Procedure to file for extension of holding an AGM for Company
The Annual General Meeting (AGM) is an important governance process for the members of an organization. It can ensure transparency, provide updates and give members an opportunity to vote on a range of matters. Board should use the AGM to communicate with investors and encourage their participation. It is not simply a forum for the directors to present speeches to shareholders, but for shareholders to ask questions and debate.
Provisions under the Companies Act pertaining to AGM’s
According to Section 96 of the Companies Act, 2013, every company other than a One Person Company shall in each year hold in addition to any other meetings, a general meeting as its annual general meeting. Not more than 15 months shall elapse between the date of one annual general meeting of a company and that the next.
In case of the first annual general meeting, it shall be held within 9 months from the date of closing of the first financial year of the company. In any other case annual general meeting shall be held within 6 months from the date of closing of the financial year.
The Registrar may, for any special reason, extend the time within which any annual general meeting, other than the first annual general meeting, shall be held, by a period not exceeding 3 months.
Reasons for seeking extension of AGM
Some reasons for extension of AGM are:
- Mergers & acquisitions
- Delay in finalizing the Financials
- Delay in audit reports due to non-availability of auditors because of resignation, death, incapacity to sign or such other valid reason
- Loss of data in computer due to virus/system problem
- Natural Calamity
- Change in financial year
- Non availability of shareholders which may result in absence of quorum
- Non-availability of directors on the valid grounds. For instance, sudden death of Directors and consequence of this the limit of directors goes below the minimum requirements of directors.
- Confiscation of Books of accounts by Income Tax Department, Serious and Fraud Investigation Cell or any other Government officials.

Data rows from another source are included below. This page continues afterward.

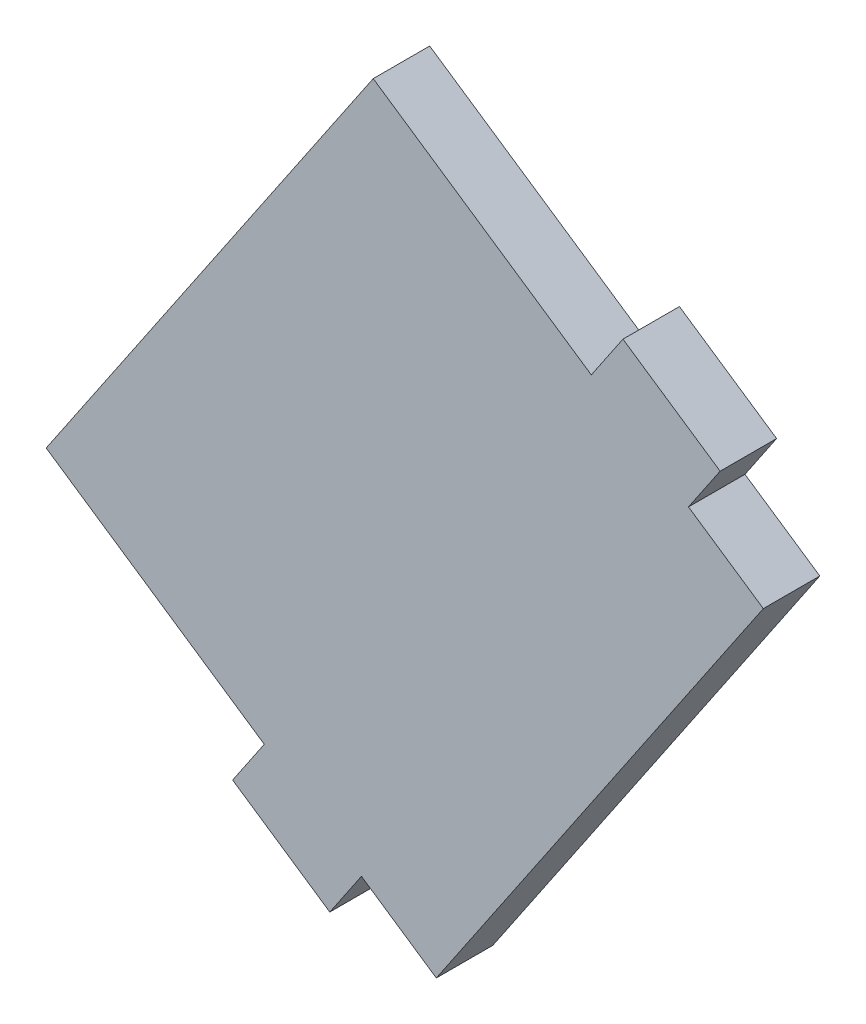
from build123d import *

# Parameters (mm, degrees)
BASE_EXTRUDE_DEPTH = 3


with BuildPart() as part:
    # Sketch1 → Base-Extrude (new body)
    with BuildSketch(Plane.XY):
        Polygon((596.881202269, 476.960415493), (614.251157678, 502.636954378), (625.835092421, 494.800523196), (627.516055848, 497.28534954), (632.677708396, 493.793536449), (630.99674497, 491.308710106), (634.97246712, 488.619168623), (617.602511711, 462.942629738), (613.626789561, 465.632171221), (611.945826134, 463.147344877), (606.784173586, 466.639157968), (608.465137013, 469.123984312), align=None)
    extrude(amount=BASE_EXTRUDE_DEPTH)


solid = part.part

Procedure to file application for extension of time for holding AGM:

E Form GNL 1 is to be digitally signed by:
- In case category of applicant is Company, the eForm should be digitally signed by director or manager or secretary or CEO or CFO of the Indian company duly authorized by the board of directors.
- In case category of applicant is Foreign Company, the eForm should be digitally signed by the authorized representative.
- In case the person digitally signing the eForm is a Director – Enter the approved DIN.
- In case the person digitally signing the eForm is a Manager, Chief Executive Officer (CEO) or Chief Financial Officer (CFO), Authorized representative or others – Enter valid income-tax PAN.
- In case the person digitally signing the eForm is a Company Secretary – Enter valid membership number.
- In case of form being certified by practicing professional, Enter valid membership number
E Form GNL 1 is to be submitted along with the following attachments:
- Detailed application
- General profile and history of the company containing details such as name, date of incorporation, main objects of the company
- Facts of the case mentioning nature of offence and period of default, if any
- Reasons of extension
- Period for which extension is required (Note: It should not exceed three months)
Effects of grant of extension
Once the extension is being granted, the company may convene the Annual General Meeting of the Company within the period as allowed by the Registrar of Companies. Extension can be granted only once in a Financial Year as the Act does not allow Registrar of Companies to give further extension.
Penalty in case of default by the company/directors
Company and every officer of the company who is in default shall be punishable with the fine which may extend to Rs 1 lakh and in case of continuing default with a further fine which may extend to Rs 5000 for every day during which such default continues.
Compounding of Offence for not holding AGM
Compounding of offence means a mechanism wherein the defaulter company settles default by paying the money in place of prosecution, thus avoiding prolonged litigation.
If the Annual General Meeting is not held within the due date as mentioned without applying for extension of AGM with the Registrar of Companies then the company will have to apply for compounding of offence with the National Company Law Tribunal (NCLT).
Section 441 of the Companies Act, 2013 pertains to the compounding of offences. The offences which are punishable with fines and penalties can only be compounded either by Regional Director (RD) or by the National Company Law Tribunal (NCLT).